Coursera, which since the spring has been listed on the New York Stock Exchange, is valued at 7 billion dollars and seems to be making all the right moves.
While college and university enrollments have been declining during the pandemic, Coursera’s enrollment rose from 53 million to 78 million students this spring—an increase greater than total U.S. higher education enrollment.
In recent months, leaders of the online learning platform began making deals with colleges to further encourage their growth.  As institutions across the country were going online and closing their campuses, Coursera began offering courses on the Coronavirus and gave pandemic-impacted colleges and their students free access to courses. Within a month, institutions around the globe were tapping into its programs and, a month later, the company unveiled CourseMatch, which automatically matches Coursera courses to their on-campus versions across the globe.
Coursera is blurring the lines between itself and institutions with an inducement that is hard to ignore. The implications for the future of college are profound.

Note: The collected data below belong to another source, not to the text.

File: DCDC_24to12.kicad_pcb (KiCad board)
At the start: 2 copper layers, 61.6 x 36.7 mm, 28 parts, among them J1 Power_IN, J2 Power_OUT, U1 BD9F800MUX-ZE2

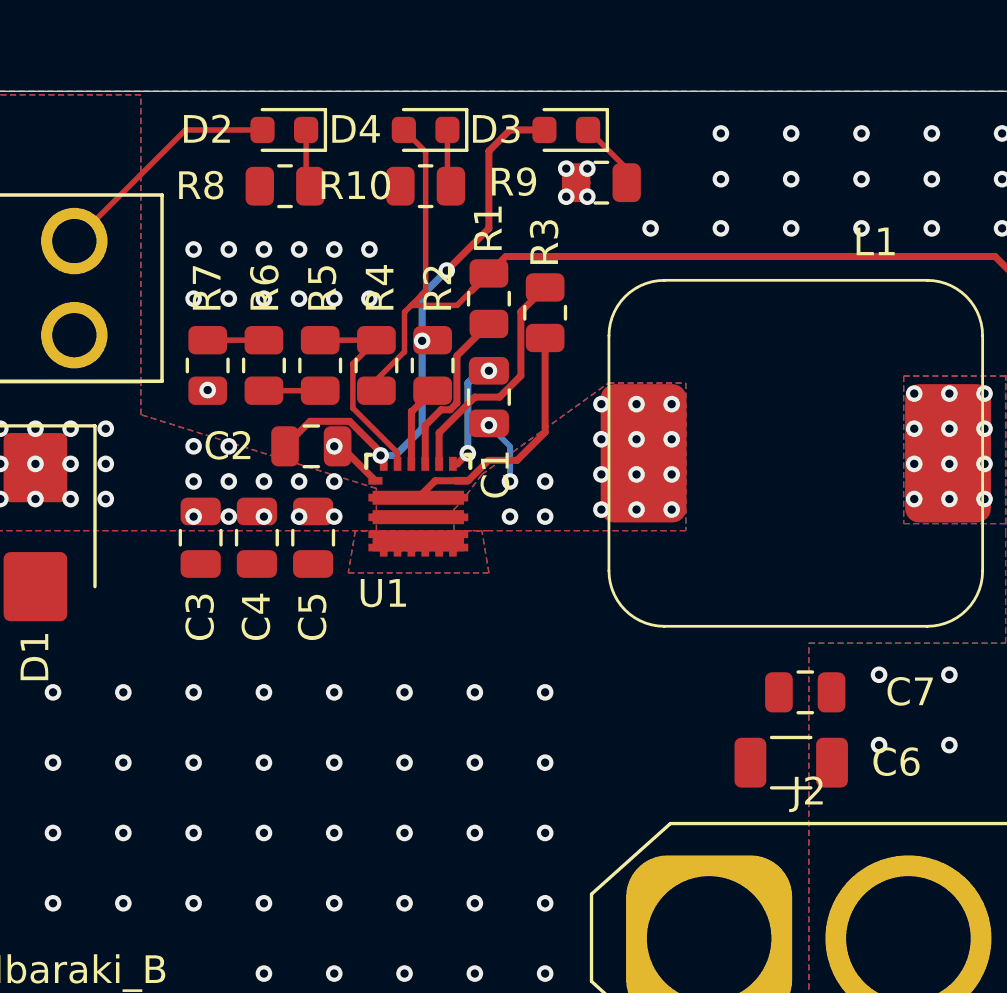
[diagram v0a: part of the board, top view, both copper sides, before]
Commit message: 抵抗配置修正、シルク調整
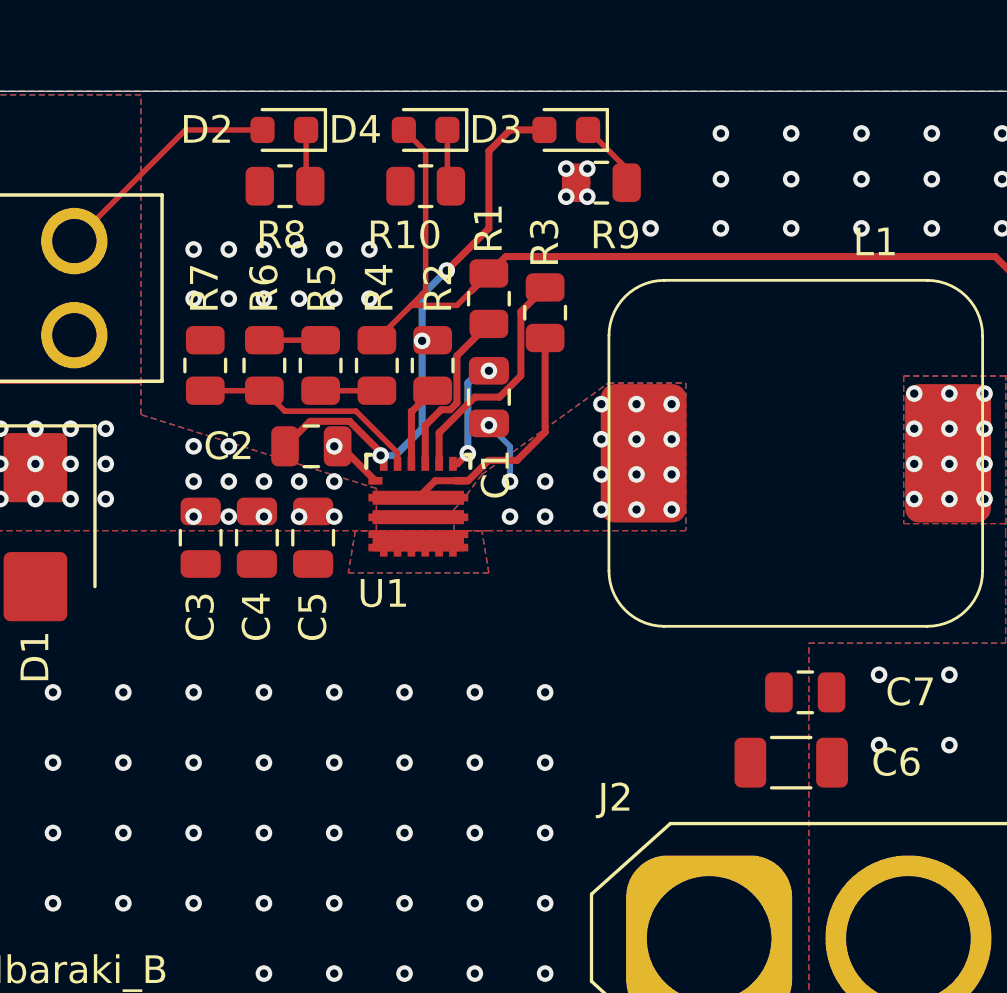
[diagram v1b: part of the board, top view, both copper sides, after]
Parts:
- moved R7 6.18 mm to (94.4, 49.1), turned to 90 degrees
- moved R5 2.05 mm to (98.6, 49.1)
- moved R6 2.05 mm to (96.5, 49.1)
- moved R4 2.05 mm to (100.6, 49.1)
- renumbered R5 to R4, R6 to R5, R7 to R6, R4 to R7
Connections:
- R4 pad 2: FB -> +12V
- R6 pad 1: GND -> FB
- R7 pad 2: +12V -> GND
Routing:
- net +12V: track 37.5 -> 35.8 mm
- net FB: track 7.52 -> 8.28 mm
- net GND: vias 108 -> 107
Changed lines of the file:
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@@
 	(net 14 "VREG")
 	(net 15 "PGD")
-	(net 16 "Net-(R6-Pad1)")
+	(net 16 "Net-(R4-Pad1)")
 	(net 17 "unconnected-(H1-Pad1)")
 	(net 18 "unconnected-(H1-Pad1)_0")
@@
 	(footprint "Resistor_SMD:R_0805_2012Metric"
 		(layer "F.Cu")
-		(at 94.488 49.149 90)
+		(at 96.536 49.149 90)
 		(descr "Resistor SMD 0805 (2012 Metric), square (rectangular) end terminal, IPC_7351 nominal, (Body size source: IPC-SM-782 page 72, https://www.pcb-3d.com/wordpress/wp-content/uploads/ipc-sm-782a_amendment_1_and_2.pdf), generated with kicad-footprint-generator")
 		(tags "resistor")
-		(property "Reference" "R7"
+		(property "Reference" "R6"
 			(at 2.794 0 90)
 			(layer "F.SilkS")
@@
 			(layers "F.Cu" "F.Paste" "F.Mask")
 			(roundrect_rratio 0.243902)
-			(net 1 "GND")
+			(net 11 "FB")
 			(pintype "passive")
 		)
@@
 			(layers "F.Cu" "F.Paste" "F.Mask")
 			(roundrect_rratio 0.243902)
-			(net 16 "Net-(R6-Pad1)")
+			(net 7 "Net-(R5-Pad1)")
 			(pintype "passive")
 		)
@@
 		(tags "resistor")
 		(property "Reference" "R9"
-			(at 3.175 0 0)
+			(at -0.508 -1.905 0)
 			(layer "F.SilkS")
 			(effects
@@
 		(tags "XT60 female vertical")
 		(property "Reference" "J2"
-			(at 3.6 -5.3 0)
+			(at -3.385 -5.08 0)
 			(layer "F.SilkS")
 			(effects
@@
 	(footprint "Resistor_SMD:R_0805_2012Metric"
 		(layer "F.Cu")
-		(at 98.552 49.149 90)
+		(at 100.6 49.149 90)
 		(descr "Resistor SMD 0805 (2012 Metric), square (rectangular) end terminal, IPC_7351 nominal, (Body size source: IPC-SM-782 page 72, https://www.pcb-3d.com/wordpress/wp-content/uploads/ipc-sm-782a_amendment_1_and_2.pdf), generated with kicad-footprint-generator")
 		(tags "resistor")
-		(property "Reference" "R5"
+		(property "Reference" "R4"
 			(at 2.794 0.1016 90)
 			(layer "F.SilkS")
@@
 			(layers "F.Cu" "F.Paste" "F.Mask")
 			(roundrect_rratio 0.243902)
-			(net 7 "Net-(R5-Pad1)")
+			(net 16 "Net-(R4-Pad1)")
 			(pintype "passive")
 		)
@@
 			(layers "F.Cu" "F.Paste" "F.Mask")
 			(roundrect_rratio 0.243902)
-			(net 11 "FB")
+			(net 2 "+12V")
 			(pintype "passive")
 		)
@@
 		(tags "resistor")
 		(property "Reference" "R10"
-			(at 2.54 0 0)
+			(at 0.762 -1.778 0)
 			(layer "F.SilkS")
 			(effects
@@
 	(footprint "Resistor_SMD:R_0805_2012Metric"
 		(layer "F.Cu")
-		(at 96.52 49.149 -90)
+		(at 98.568 49.149 -90)
 		(descr "Resistor SMD 0805 (2012 Metric), square (rectangular) end terminal, IPC_7351 nominal, (Body size source: IPC-SM-782 page 72, https://www.pcb-3d.com/wordpress/wp-content/uploads/ipc-sm-782a_amendment_1_and_2.pdf), generated with kicad-footprint-generator")
 		(tags "resistor")
-		(property "Reference" "R6"
+		(property "Reference" "R5"
 			(at -2.794 -0.0508 90)
 			(layer "F.SilkS")
@@
 			(layers "F.Cu" "F.Paste" "F.Mask")
 			(roundrect_rratio 0.243902)
-			(net 16 "Net-(R6-Pad1)")
+			(net 7 "Net-(R5-Pad1)")
 			(pintype "passive")
 		)
@@
 			(layers "F.Cu" "F.Paste" "F.Mask")
 			(roundrect_rratio 0.243902)
-			(net 7 "Net-(R5-Pad1)")
+			(net 16 "Net-(R4-Pad1)")
 			(pintype "passive")
 		)
@@
 	(footprint "Resistor_SMD:R_0805_2012Metric"
 		(layer "F.Cu")
-		(at 100.584 49.149 -90)
+		(at 94.4 49.149 90)
 		(descr "Resistor SMD 0805 (2012 Metric), square (rectangular) end terminal, IPC_7351 nominal, (Body size source: IPC-SM-782 page 72, https://www.pcb-3d.com/wordpress/wp-content/uploads/ipc-sm-782a_amendment_1_and_2.pdf), generated with kicad-footprint-generator")
 		(tags "resistor")
-		(property "Reference" "R4"
-			(at -2.794 -0.1524 90)
+		(property "Reference" "R7"
+			(at 2.794 -0.0136 90)
 			(layer "F.SilkS")
 			(effects
@@
 		)
 		(property "Footprint" "Resistor_SMD:R_0805_2012Metric"
-			(at 0 0 -90)
+			(at 0 0 90)
 			(unlocked yes)
 			(layer "F.Fab")
@@
 		)
 		(property "Datasheet" ""
-			(at 0 0 -90)
+			(at 0 0 90)
 			(unlocked yes)
 			(layer "F.Fab")
@@
 		)
 		(property "Description" "Resistor"
-			(at 0 0 -90)
+			(at 0 0 90)
 			(unlocked yes)
 			(layer "F.Fab")
@@
 		(attr smd)
 		(fp_line
-			(start -0.227064 0.735)
-			(end 0.227064 0.735)
+			(start -0.227064 -0.735)
+			(end 0.227064 -0.735)
 			(stroke
 				(width 0.12)
@@
 		)
 		(fp_line
-			(start -0.227064 -0.735)
-			(end 0.227064 -0.735)
+			(start -0.227064 0.735)
+			(end 0.227064 0.735)
 			(stroke
 				(width 0.12)
@@
 		)
 		(fp_line
-			(start -1.68 0.95)
-			(end -1.68 -0.95)
+			(start 1.68 -0.95)
+			(end 1.68 0.95)
 			(stroke
 				(width 0.05)
@@
 		)
 		(fp_line
-			(start 1.68 0.95)
-			(end -1.68 0.95)
+			(start -1.68 -0.95)
+			(end 1.68 -0.95)
 			(stroke
 				(width 0.05)
@@
 		)
 		(fp_line
-			(start -1.68 -0.95)
-			(end 1.68 -0.95)
+			(start 1.68 0.95)
+			(end -1.68 0.95)
 			(stroke
 				(width 0.05)
@@
 		)
 		(fp_line
-			(start 1.68 -0.95)
-			(end 1.68 0.95)
+			(start -1.68 0.95)
+			(end -1.68 -0.95)
 			(stroke
 				(width 0.05)
@@
 		)
 		(fp_line
-			(start -1 0.625)
-			(end -1 -0.625)
+			(start 1 -0.625)
+			(end 1 0.625)
 			(stroke
 				(width 0.1)
@@
 		)
 		(fp_line
-			(start 1 0.625)
-			(end -1 0.625)
+			(start -1 -0.625)
+			(end 1 -0.625)
 			(stroke
 				(width 0.1)
@@
 		)
 		(fp_line
-			(start -1 -0.625)
-			(end 1 -0.625)
+			(start 1 0.625)
+			(end -1 0.625)
 			(stroke
 				(width 0.1)
@@
 		)
 		(fp_line
-			(start 1 -0.625)
-			(end 1 0.625)
+			(start -1 0.625)
+			(end -1 -0.625)
 			(stroke
 				(width 0.1)
@@
 		)
 		(pad "1" smd roundrect
-			(at -0.9125 0 270)
+			(at -0.9125 0 90)
 			(size 1.025 1.4)
 			(layers "F.Cu" "F.Paste" "F.Mask")
@@
 		)
 		(pad "2" smd roundrect
-			(at 0.9125 0 270)
+			(at 0.9125 0 90)
 			(size 1.025 1.4)
 			(layers "F.Cu" "F.Paste" "F.Mask")
 			(roundrect_rratio 0.243902)
-			(net 2 "+12V")
+			(net 1 "GND")
 			(pintype "passive")
 		)
@@
 		(tags "resistor")
 		(property "Reference" "R8"
-			(at 3.048 0 0)
+			(at 0.127 -1.778 0)
 			(layer "F.SilkS")
 			(effects
@@
 	)
 	(via
-		(at 94.488 50.038)
-		(size 0.6)
-		(drill 0.3)
-		(layers "F.Cu" "B.Cu")
-		(net 1)
-	)
-	(via
 		(at 115.57 40.767)
 		(size 0.6)
@@
 	)
 	(segment
-		(start 101.6 48.653763)
-		(end 100.388131 49.865632)
-		(width 0.2)
-		(layer "F.Cu")
-		(net 2)
-	)
-	(segment
 		(start 104.648 45.8235)
 		(end 105.2595 45.212)
@@
 	)
 	(segment
-		(start 101.84225 46.97825)
-		(end 101.6 47.2205)
-		(width 0.2)
-		(layer "F.Cu")
-		(net 2)
-	)
-	(segment
 		(start 123.825 46.101)
 		(end 123.825 50.165)
@@
 	)
 	(segment
-		(start 101.6 47.2205)
-		(end 101.6 48.653763)
-		(width 0.2)
-		(layer "F.Cu")
-		(net 2)
-	)
-	(segment
 		(start 102.362 41.4275)
 		(end 102.362 46.4585)
@@
 	)
 	(segment
+		(start 100.6 48.2205)
+		(end 101.84225 46.97825)
+		(width 0.2)
+		(layer "F.Cu")
+		(net 2)
+	)
+	(segment
 		(start 101.5745 40.64)
 		(end 102.362 41.4275)
@@
 	)
 	(segment
-		(start 100.6075 50.0615)
-		(end 100.584 50.0615)
-		(width 0.254)
+		(start 100.6 48.2365)
+		(end 100.6 48.2205)
+		(width 0.2)
 		(layer "F.Cu")
 		(net 2)
@@
 	)
 	(segment
-		(start 98.552 50.0615)
-		(end 96.52 50.0615)
+		(start 96.536 48.2365)
+		(end 98.568 48.2365)
 		(width 0.2)
 		(layer "F.Cu")
@@
 	)
 	(segment
-		(start 99.734 50.690693)
-		(end 101.347811 52.304504)
+		(start 99.843307 50.8)
+		(end 97.2745 50.8)
 		(width 0.2)
 		(layer "F.Cu")
@@
 	)
 	(segment
-		(start 99.734 49.0865)
-		(end 99.734 50.690693)
+		(start 101.347811 52.304504)
+		(end 99.843307 50.8)
 		(width 0.2)
 		(layer "F.Cu")
@@
 	)
 	(segment
-		(start 100.584 48.2365)
-		(end 98.552 48.2365)
+		(start 97.2745 50.8)
+		(end 96.536 50.0615)
 		(width 0.2)
 		(layer "F.Cu")
@@
 	)
 	(segment
-		(start 100.584 48.2365)
-		(end 99.734 49.0865)
+		(start 94.4 50.0615)
+		(end 96.536 50.0615)
 		(width 0.2)
 		(layer "F.Cu")
@@
 	)
 	(segment
-		(start 101.347811 52.304504)
-		(end 101.347811 52.705)
+		(start 101.347811 52.705)
+		(end 101.347811 52.304504)
 		(width 0.2)
 		(layer "F.Cu")
@@
 	)
 	(segment
-		(start 96.52 48.2365)
-		(end 94.488 48.2365)
+		(start 98.568 50.0615)
+		(end 100.6 50.0615)
 		(width 0.2)
 		(layer "F.Cu")
@@
 		(polygon
 			(pts
-				(xy 116.205 72.39) (xy 116.205 59.182) (xy 123.317 59.182) (xy 123.317 55.245) (xy 123.317 55.245)
-				(xy 123.317 49.53) (xy 128.905 49.53) (xy 128.905 72.39)
+				(xy 116.205 72.39) (xy 116.205 59.182) (xy 123.317 59.182) (xy 123.317 55.245) (xy 123.317 49.53)
+				(xy 128.905 49.53) (xy 128.905 72.39)
 			)
 		)

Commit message: 外形とベタとりあえず拡大
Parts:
- moved C1 60.7 mm to (149.7, 90.9)
- moved C5 60.7 mm to (143.4, 96.0)
- moved C6 60.7 mm to (160.7, 104.1)
- moved D4 60.7 mm to (147.4, 81.3)
- moved F1 60.7 mm to (128.0, 87.0)
- moved J1 60.7 mm to (125.3, 102.6)
- moved R1 60.7 mm to (149.7, 87.4)
- moved R10 60.7 mm to (147.4, 83.3)
- moved R4 60.7 mm to (145.7, 89.8)
- moved R6 60.7 mm to (141.6, 89.8)
- moved R7 60.7 mm to (139.5, 89.8)
- moved C2 60.7 mm to (143.3, 92.7)
- moved C7 60.7 mm to (161.2, 101.6)
- moved H2 60.7 mm to (174.0, 83.8)
- moved U1 60.7 mm to (147.2, 94.6)
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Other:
- board size 61.6 x 36.7 mm -> 75 x 74.4 mm

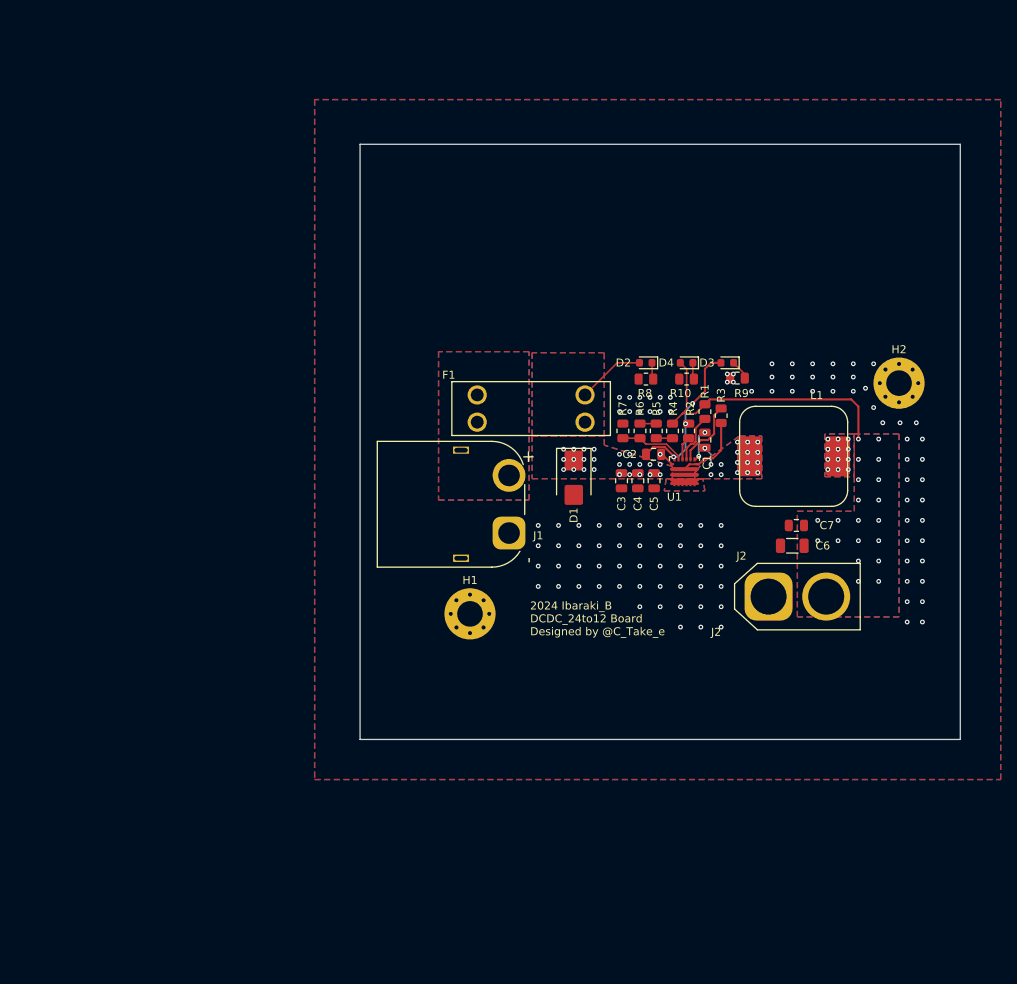
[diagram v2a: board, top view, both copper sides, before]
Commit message: 外形位置修正、ビア削除など
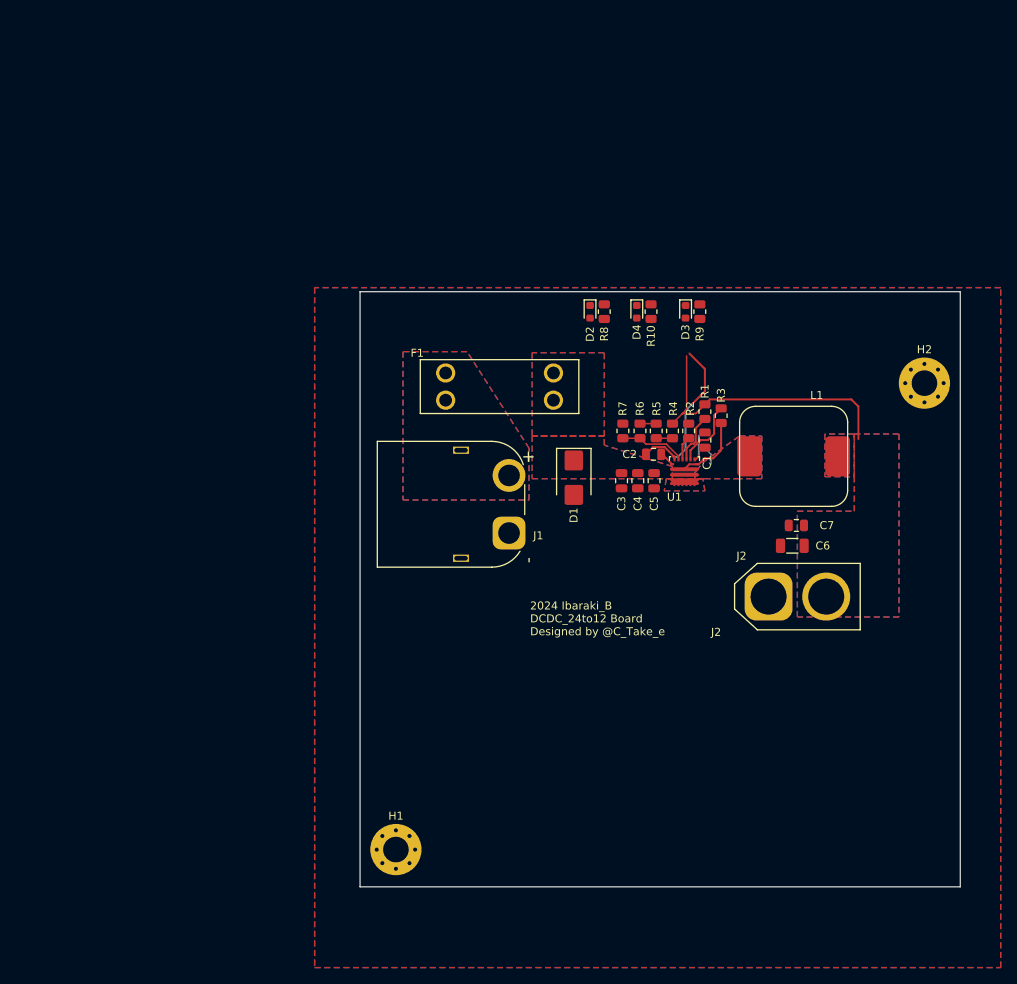
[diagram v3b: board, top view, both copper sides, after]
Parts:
- moved H1 30.9 mm to (111.1, 142.1)
- moved R8 9.91 mm to (137.2, 74.9), turned to -90 degrees
- moved R9 9.54 mm to (149.1, 74.9), turned to -90 degrees
- moved R10 9.53 mm to (143.0, 74.9), turned to -90 degrees
- moved D2 9.44 mm to (135.4, 74.9), turned to -90 degrees
- moved D4 8.91 mm to (141.2, 74.9), turned to -90 degrees
- moved D3 8.23 mm to (147.3, 74.9), turned to -90 degrees
- moved F1 4.81 mm to (124.1, 84.2)
- moved H2 3.17 mm to (177.2, 83.8)
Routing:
- net +BATT: track 17.4 -> 8.97 mm, vias 24 -> 0
- net Net-(D3-K): track 2.48 -> 0.00 mm
- net Net-(D2-K): track 2.09 -> 0.00 mm
- net Net-(D4-K): track 2.08 -> 0.00 mm
- net +12V: track 35.8 -> 36.3 mm, vias 32 -> 0
- net VREG: track 20.0 -> 20.4 mm, vias 3 -> 0
- net GND: track 2.94 -> 2.73 mm, vias 107 -> 0
- net SW: vias 17 -> 0
- net BOOT: vias 2 -> 0

Coursera is only the tip of the iceberg of an explosion of non-collegiate higher education providers. They range from libraries and museums to media companies and software makers, not to mention a burgeoning number of online providers just like Coursera. Microsoft and Google are both offering more than 75 certificate programs. The American Museum of Natural History has its own graduate school, which offers a Ph.D. in comparative biology and a Master of Arts degree in teaching. It also provides six-week online courses on subjects such as the solar system, evolution, climate change, and water, with an extra fee for obtaining graduate credit.
These players will become increasingly competitive with higher education, catering to the part-time, older, and adult learners who are increasingly important to the economy and are underserved by higher education. In the future, owing to automation, workforce specialization, and COVID unemployment, there will be a ballooning number of students coming to higher education for short, nondegree programs for the purpose of gaining new skills to increase their earnings or change fields throughout their lives.